The natural disposition is always to believe. It is acquired wisdom and experience only that teach incredulity, and they very seldom teach it enough. The wisest and most cautious of us all frequently gives credit to stories which he himself is afterwards both ashamed and astonished that he could possibly think of believing.

The man whom we believe is necessarily, in the things concerning which we believe him, our leader and director, and we look up to him with a certain degree of esteem and respect. But as from admiring other people we come to wish to be admired ourselves; so from being led and directed by other people we learn to wish to become ourselves leaders and directors . . .

The desire of being believed, the desire of persuading, of leading and directing other people, seems to be one of the strongest of all our natural desires. - Adam Smith, Theory of Moral Sentiments (1759)

The reality is that it is only necessary to follow the standard rules of journalism to produce a front page which is an exemplar of extreme “liberalism”:

  1. Follow the dictum that “If it bleeds, it leads,” and also the “‘Man Bites Dog,’ not ‘Dog Bites Man’” rules of story selection and emphasis. Any society will always, by its own standards, cause ‘Man Bites Dog’ to imply “Man we count on fails to deliver for us.” IOW, all negativity, all the time. And,

  2. Claim to be objective. How else to maximize your influence? Standard journalistic practice, right?

The claim of actual objectivity - not a claim to be trying to be objective, which is perfectly unobjectionable if true - is inherently arrogant, and actually stands as proof that you are not even trying to be objective (for why would have to “try” to do something you are already sure you are?).

Worse, to claim objectivity knowing that you are in fact negative is to indict yourself of believing that “negativity is objectivity.” And I submit that if “the conceit that negativity is objectivity” is a Jeopardy® answer, the corresponding Jeopardy® question is, “What is the definition of ‘cynicism’?”

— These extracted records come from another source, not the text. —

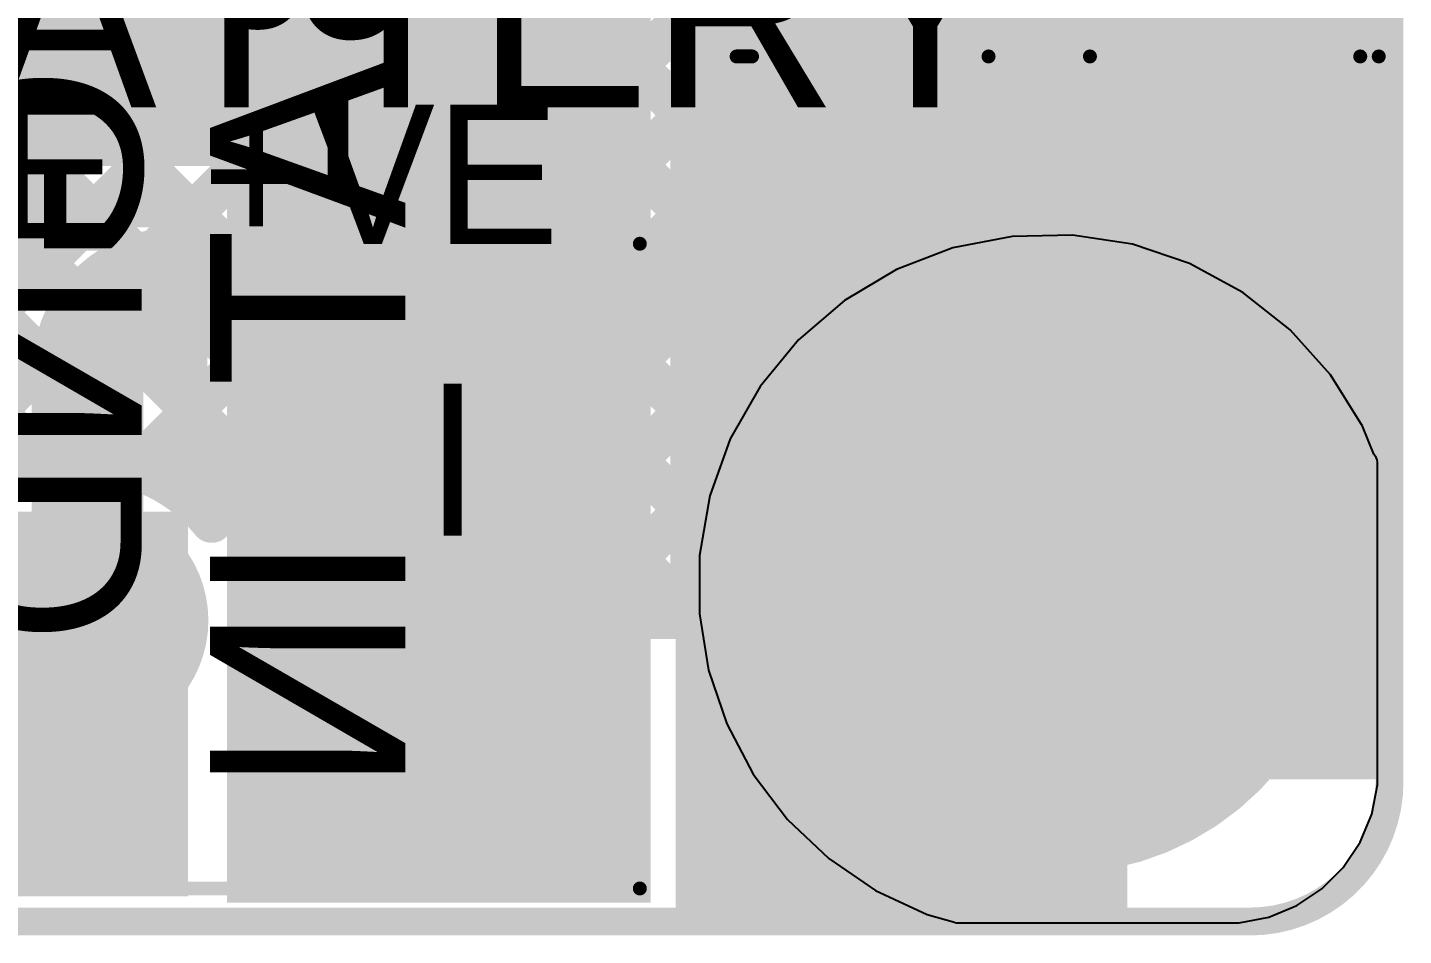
# Model space of a CAD drawing. Header units: millimetres. Extents: x 4.35 to 7.26, y 1.61 to 5.34.
# Drawn here: x 6.7645 to 7.258, y 1.615 to 1.9407 of the extents above; entities that cross this region are included whole.
import ezdxf

# ---------------------------------------------------------------- set-up
doc = ezdxf.new("R2010")
doc.units = ezdxf.units.MM
doc.header["$MEASUREMENT"] = 0
for name, color, linetype in [('BottomLayer', 5, 'Continuous'), ('BottomOverlay', 54, 'Continuous'), ('BottomSolder', 6, 'Continuous'), ('Mechanical13', 56, 'Continuous'), ('Mechanical2', 216, 'Continuous'), ('MultiLayer', 9, 'Continuous'), ('PadHoleLayer', 156, 'Continuous'), ('TopLayer', 1, 'Continuous'), ('TopOverlay', 2, 'Continuous'), ('TopPaste', 8, 'Continuous'), ('TopSolder', 216, 'Continuous'), ('ViaHoleLayer', 16, 'Continuous')]:
    doc.layers.add(name, color=color, linetype=linetype)

# ---------------------------------------------------------------- blocks, each defined once
blk = doc.blocks.new('B2B_XH_A_LF__SN__12')
at = {"layer": 'BottomLayer', "const_width": 0.03937}
blk.add_lwpolyline([(0.02953, 0, 1), (0.0689, 0, 1)], format="xyb", close=True, dxfattribs=at)
at = {"layer": 'BottomLayer'}
blk.add_solid([(-0.08858, -0.03937), (-0.00984, -0.03937), (-0.08858, 0.03937), (-0.00984, 0.03937)], dxfattribs=at)
at = {"layer": 'BottomSolder', "const_width": 0.04337}
blk.add_lwpolyline([(0.02753, 0, 1), (0.0709, 0, 1)], format="xyb", close=True, dxfattribs=at)
at = {"layer": 'BottomSolder'}
blk.add_solid([(-0.09258, -0.04337), (-0.00584, -0.04337), (-0.09258, 0.04337), (-0.00584, 0.04337)], dxfattribs=at)
at = {"layer": 'MultiLayer', "const_width": 0.03937}
blk.add_lwpolyline([(0.02953, 0, 1), (0.0689, 0, 1)], format="xyb", close=True, dxfattribs=at)
at = {"layer": 'MultiLayer'}
blk.add_solid([(-0.08858, -0.03937), (-0.00984, -0.03937), (-0.08858, 0.03937), (-0.00984, 0.03937)], dxfattribs=at)
at = {"layer": 'PadHoleLayer', "const_width": 0.01969}
for points in [[(-0.05906, 0, 1), (-0.03937, 0, 1)], [(0.03937, 0, 1), (0.05906, 0, 1)]]:
    blk.add_lwpolyline(points, format="xyb", close=True, dxfattribs=at)
at = {"layer": 'TopLayer', "const_width": 0.03937}
blk.add_lwpolyline([(0.02953, 0, 1), (0.0689, 0, 1)], format="xyb", close=True, dxfattribs=at)
at = {"layer": 'TopLayer'}
blk.add_solid([(-0.08858, -0.03937), (-0.00984, -0.03937), (-0.08858, 0.03937), (-0.00984, 0.03937)], dxfattribs=at)
at = {"layer": 'TopOverlay', "const_width": 0.005}
for points in [[(-0.1489, 0.09614), (-0.1489, -0.13512)], [(0.14724, 0.09614), (-0.1489, 0.09614)], [(0.14724, 0.09614), (0.14724, -0.13512)], [(0.14724, -0.13512), (-0.1489, -0.13512)]]:
    blk.add_lwpolyline(points, dxfattribs=at)
at = {"layer": 'TopOverlay', "const_width": 0.0025}
for points in [[(-0.15015, 0.09614, 1), (-0.14765, 0.09614, 1)], [(-0.15015, 0.09614, 1), (-0.14765, 0.09614, 1)], [(0.14599, 0.09614, 1), (0.14849, 0.09614, 1)], [(0.14599, 0.09614, 1), (0.14849, 0.09614, 1)], [(-0.15015, -0.13512, 1), (-0.14765, -0.13512, 1)], [(-0.15015, -0.13512, 1), (-0.14765, -0.13512, 1)], [(0.14599, -0.13512, 1), (0.14849, -0.13512, 1)], [(0.14599, -0.13512, 1), (0.14849, -0.13512, 1)]]:
    blk.add_lwpolyline(points, format="xyb", close=True, dxfattribs=at)
at = {"layer": 'TopSolder', "const_width": 0.04337}
blk.add_lwpolyline([(0.02753, 0, 1), (0.0709, 0, 1)], format="xyb", close=True, dxfattribs=at)
at = {"layer": 'TopSolder'}
blk.add_solid([(-0.09258, -0.04337), (-0.00584, -0.04337), (-0.09258, 0.04337), (-0.00584, 0.04337)], dxfattribs=at)
blk = doc.blocks.new('2305018_2_13')
at = {"layer": 'BottomLayer', "const_width": 0.03346}
for points in [[(-0.1752, 0.07874), (-0.1752, 0.03937)], [(0.1752, 0.07874), (0.1752, 0.03937)], [(-0.1752, -0.04331), (-0.1752, -0.09055)], [(0.1752, -0.04331), (0.1752, -0.09055)]]:
    blk.add_lwpolyline(points, dxfattribs=at)
at = {"layer": 'BottomLayer', "const_width": 0.01673}
for points in [[(-0.18356, 0.07874, 1), (-0.16683, 0.07874, 1)], [(0.16683, 0.07874, 1), (0.18356, 0.07874, 1)], [(-0.18356, 0.03937, 1), (-0.16683, 0.03937, 1)], [(0.16683, 0.03937, 1), (0.18356, 0.03937, 1)], [(-0.18356, -0.04331, 1), (-0.16683, -0.04331, 1)], [(0.16683, -0.04331, 1), (0.18356, -0.04331, 1)], [(-0.18356, -0.09055, 1), (-0.16683, -0.09055, 1)], [(0.16683, -0.09055, 1), (0.18356, -0.09055, 1)]]:
    blk.add_lwpolyline(points, format="xyb", close=True, dxfattribs=at)
at = {"layer": 'BottomSolder', "const_width": 0.04146}
for points in [[(-0.1752, 0.07874), (-0.1752, 0.03937)], [(0.1752, 0.07874), (0.1752, 0.03937)], [(-0.1752, -0.04331), (-0.1752, -0.09055)], [(0.1752, -0.04331), (0.1752, -0.09055)]]:
    blk.add_lwpolyline(points, dxfattribs=at)
at = {"layer": 'BottomSolder', "const_width": 0.02073}
for points in [[(-0.18556, 0.07874, 1), (-0.16483, 0.07874, 1)], [(0.16483, 0.07874, 1), (0.18556, 0.07874, 1)], [(-0.18556, 0.03937, 1), (-0.16483, 0.03937, 1)], [(0.16483, 0.03937, 1), (0.18556, 0.03937, 1)], [(-0.18556, -0.04331, 1), (-0.16483, -0.04331, 1)], [(0.16483, -0.04331, 1), (0.18556, -0.04331, 1)], [(-0.18556, -0.09055, 1), (-0.16483, -0.09055, 1)], [(0.16483, -0.09055, 1), (0.18556, -0.09055, 1)]]:
    blk.add_lwpolyline(points, format="xyb", close=True, dxfattribs=at)
at = {"layer": 'Mechanical13', "const_width": 0.005}
blk.add_lwpolyline([(-0.1939, 0.10925), (0.1939, 0.10925)], dxfattribs=at)
at = {"layer": 'Mechanical13', "const_width": 0.0025}
for points in [[(-0.19515, 0.10925, 1), (-0.19265, 0.10925, 1)], [(0.19265, 0.10925, 1), (0.19515, 0.10925, 1)]]:
    blk.add_lwpolyline(points, format="xyb", close=True, dxfattribs=at)
at = {"layer": 'MultiLayer', "const_width": 0.03346}
for points in [[(-0.1752, 0.07874), (-0.1752, 0.03937)], [(0.1752, 0.07874), (0.1752, 0.03937)], [(-0.1752, -0.04331), (-0.1752, -0.09055)], [(0.1752, -0.04331), (0.1752, -0.09055)]]:
    blk.add_lwpolyline(points, dxfattribs=at)
at = {"layer": 'MultiLayer', "const_width": 0.01673}
for points in [[(-0.18356, 0.07874, 1), (-0.16683, 0.07874, 1)], [(0.16683, 0.07874, 1), (0.18356, 0.07874, 1)], [(-0.18356, 0.03937, 1), (-0.16683, 0.03937, 1)], [(0.16683, 0.03937, 1), (0.18356, 0.03937, 1)], [(-0.18356, -0.04331, 1), (-0.16683, -0.04331, 1)], [(0.16683, -0.04331, 1), (0.18356, -0.04331, 1)], [(-0.18356, -0.09055, 1), (-0.16683, -0.09055, 1)], [(0.16683, -0.09055, 1), (0.18356, -0.09055, 1)]]:
    blk.add_lwpolyline(points, format="xyb", close=True, dxfattribs=at)
at = {"layer": 'PadHoleLayer', "const_width": 0.00443}
for points in [[(-0.15773, 0.05241), (-0.19267, 0.05241, -1), (-0.19267, 0.0657), (-0.15773, 0.0657, -1)], [(0.19267, 0.05241), (0.15773, 0.05241, -1), (0.15773, 0.0657), (0.19267, 0.0657, -1)], [(-0.15379, -0.07357), (-0.1966, -0.07357, -1), (-0.1966, -0.06029), (-0.15379, -0.06029, -1)], [(0.1966, -0.07357), (0.15379, -0.07357, -1), (0.15379, -0.06029), (0.1966, -0.06029, -1)]]:
    blk.add_lwpolyline(points, format="xyb", close=True, dxfattribs=at)
at = {"layer": 'TopLayer', "const_width": 0.03346}
for points in [[(-0.1752, 0.07874), (-0.1752, 0.03937)], [(0.1752, 0.07874), (0.1752, 0.03937)], [(-0.1752, -0.04331), (-0.1752, -0.09055)], [(0.1752, -0.04331), (0.1752, -0.09055)]]:
    blk.add_lwpolyline(points, dxfattribs=at)
at = {"layer": 'TopLayer', "const_width": 0.01673}
for points in [[(-0.18356, 0.07874, 1), (-0.16683, 0.07874, 1)], [(0.16683, 0.07874, 1), (0.18356, 0.07874, 1)], [(-0.18356, 0.03937, 1), (-0.16683, 0.03937, 1)], [(0.16683, 0.03937, 1), (0.18356, 0.03937, 1)], [(-0.18356, -0.04331, 1), (-0.16683, -0.04331, 1)], [(0.16683, -0.04331, 1), (0.18356, -0.04331, 1)], [(-0.18356, -0.09055, 1), (-0.16683, -0.09055, 1)], [(0.16683, -0.09055, 1), (0.18356, -0.09055, 1)]]:
    blk.add_lwpolyline(points, format="xyb", close=True, dxfattribs=at)
at = {"layer": 'TopLayer'}
for points in [[(-0.14567, 0.05217), (-0.13386, 0.05217), (-0.14567, 0.08169), (-0.13386, 0.08169)], [(-0.125, 0.05217), (-0.11516, 0.05217), (-0.125, 0.08169), (-0.11516, 0.08169)], [(-0.0935, 0.05217), (-0.08366, 0.05217), (-0.0935, 0.08169), (-0.08366, 0.08169)], [(-0.07382, 0.05217), (-0.06398, 0.05217), (-0.07382, 0.08169), (-0.06398, 0.08169)], [(-0.05413, 0.05217), (-0.04429, 0.05217), (-0.05413, 0.08169), (-0.04429, 0.08169)], [(-0.03445, 0.05217), (-0.02461, 0.05217), (-0.03445, 0.08169), (-0.02461, 0.08169)], [(-0.01476, 0.05217), (-0.00492, 0.05217), (-0.01476, 0.08169), (-0.00492, 0.08169)], [(0.00492, 0.05217), (0.01476, 0.05217), (0.00492, 0.08169), (0.01476, 0.08169)], [(0.02461, 0.05217), (0.03445, 0.05217), (0.02461, 0.08169), (0.03445, 0.08169)], [(0.04429, 0.05217), (0.05413, 0.05217), (0.04429, 0.08169), (0.05413, 0.08169)], [(0.06398, 0.05217), (0.07382, 0.05217), (0.06398, 0.08169), (0.07382, 0.08169)], [(0.08366, 0.05217), (0.0935, 0.05217), (0.08366, 0.08169), (0.0935, 0.08169)], [(0.11516, 0.05217), (0.125, 0.05217), (0.11516, 0.08169), (0.125, 0.08169)], [(0.13386, 0.05217), (0.14567, 0.05217), (0.13386, 0.08169), (0.14567, 0.08169)], [(-0.12303, 0.00295), (-0.11319, 0.00295), (-0.12303, 0.03248), (-0.11319, 0.03248)], [(-0.10335, 0.00295), (-0.0935, 0.00295), (-0.10335, 0.03248), (-0.0935, 0.03248)], [(-0.08366, 0.00295), (-0.07382, 0.00295), (-0.08366, 0.03248), (-0.07382, 0.03248)], [(-0.06398, 0.00295), (-0.05413, 0.00295), (-0.06398, 0.03248), (-0.05413, 0.03248)], [(-0.04429, 0.00295), (-0.03445, 0.00295), (-0.04429, 0.03248), (-0.03445, 0.03248)], [(-0.02461, 0.00295), (-0.01476, 0.00295), (-0.02461, 0.03248), (-0.01476, 0.03248)], [(0.01476, 0.00295), (0.02461, 0.00295), (0.01476, 0.03248), (0.02461, 0.03248)], [(0.03445, 0.00295), (0.04429, 0.00295), (0.03445, 0.03248), (0.04429, 0.03248)], [(0.05413, 0.00295), (0.06398, 0.00295), (0.05413, 0.03248), (0.06398, 0.03248)], [(0.07382, 0.00295), (0.08366, 0.00295), (0.07382, 0.03248), (0.08366, 0.03248)], [(0.0935, 0.00295), (0.10335, 0.00295), (0.0935, 0.03248), (0.10335, 0.03248)], [(0.11319, 0.00295), (0.12303, 0.00295), (0.11319, 0.03248), (0.12303, 0.03248)]]:
    blk.add_solid(points, dxfattribs=at)
at = {"layer": 'TopOverlay'}
for points, const_width in [([(-0.11752, 0.12724, 1), (-0.12539, 0.12724, 1)], 0.00787), ([(-0.12736, 0.12724, 1), (-0.12343, 0.12724, 1)], 0.00394), ([(-0.11949, 0.12724, 1), (-0.11555, 0.12724, 1)], 0.00394), ([(-0.19515, 0.10925, 1), (-0.19265, 0.10925, 1)], 0.0025), ([(-0.19515, 0.10925, 1), (-0.19265, 0.10925, 1)], 0.0025), ([(0.19265, 0.10925, 1), (0.19515, 0.10925, 1)], 0.0025), ([(0.19265, 0.10925, 1), (0.19515, 0.10925, 1)], 0.0025), ([(-0.19515, 0.10372, 1), (-0.19265, 0.10372, 1)], 0.0025), ([(0.19265, 0.10372, 1), (0.19515, 0.10372, 1)], 0.0025), ([(-0.19515, 0.01889, 1), (-0.19265, 0.01889, 1)], 0.0025), ([(0.19265, 0.01889, 1), (0.19515, 0.01889, 1)], 0.0025), ([(-0.19515, -0.01747, 1), (-0.19265, -0.01747, 1)], 0.0025), ([(0.19265, -0.01747, 1), (0.19515, -0.01747, 1)], 0.0025), ([(-0.19515, -0.11442, 1), (-0.19265, -0.11442, 1)], 0.0025), ([(0.19265, -0.11442, 1), (0.19515, -0.11442, 1)], 0.0025), ([(-0.19515, -0.12106, 1), (-0.19265, -0.12106, 1)], 0.0025), ([(-0.19515, -0.12106, 1), (-0.19265, -0.12106, 1)], 0.0025), ([(0.19265, -0.12106, 1), (0.19515, -0.12106, 1)], 0.0025), ([(0.19265, -0.12106, 1), (0.19515, -0.12106, 1)], 0.0025)]:
    blk.add_lwpolyline(points, format="xyb", close=True, dxfattribs=dict(at, const_width=const_width))
at = {"layer": 'TopOverlay', "const_width": 0.005}
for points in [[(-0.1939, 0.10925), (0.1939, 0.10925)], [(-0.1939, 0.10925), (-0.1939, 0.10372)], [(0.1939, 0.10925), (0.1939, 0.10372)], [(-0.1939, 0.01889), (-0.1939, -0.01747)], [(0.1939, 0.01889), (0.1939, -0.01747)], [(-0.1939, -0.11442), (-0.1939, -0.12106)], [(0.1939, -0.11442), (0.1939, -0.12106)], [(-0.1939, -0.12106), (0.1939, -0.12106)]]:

Journalism, under normal operating rules, is cynical. But nobody, and no institution, can be cynical about everything. For if “B” be the antithesis of “A”, you cannot express cynicism toward “A” without insinuating faith in, or naiveté toward, “B.”

In reality journalism is cynical about society. Thomas Paine explains the relation between society and government:

SOME writers have so confounded society with government, as to leave little or no distinction between them; whereas they are not only different, but have different origins. Society is produced by our wants, and government by our wickedness; the former promotes our happiness POSITIVELY by uniting our affections, the latter NEGATIVELY by restraining our vices. The one encourages intercourse, the other creates distinctions. The first is a patron, the last a punisher.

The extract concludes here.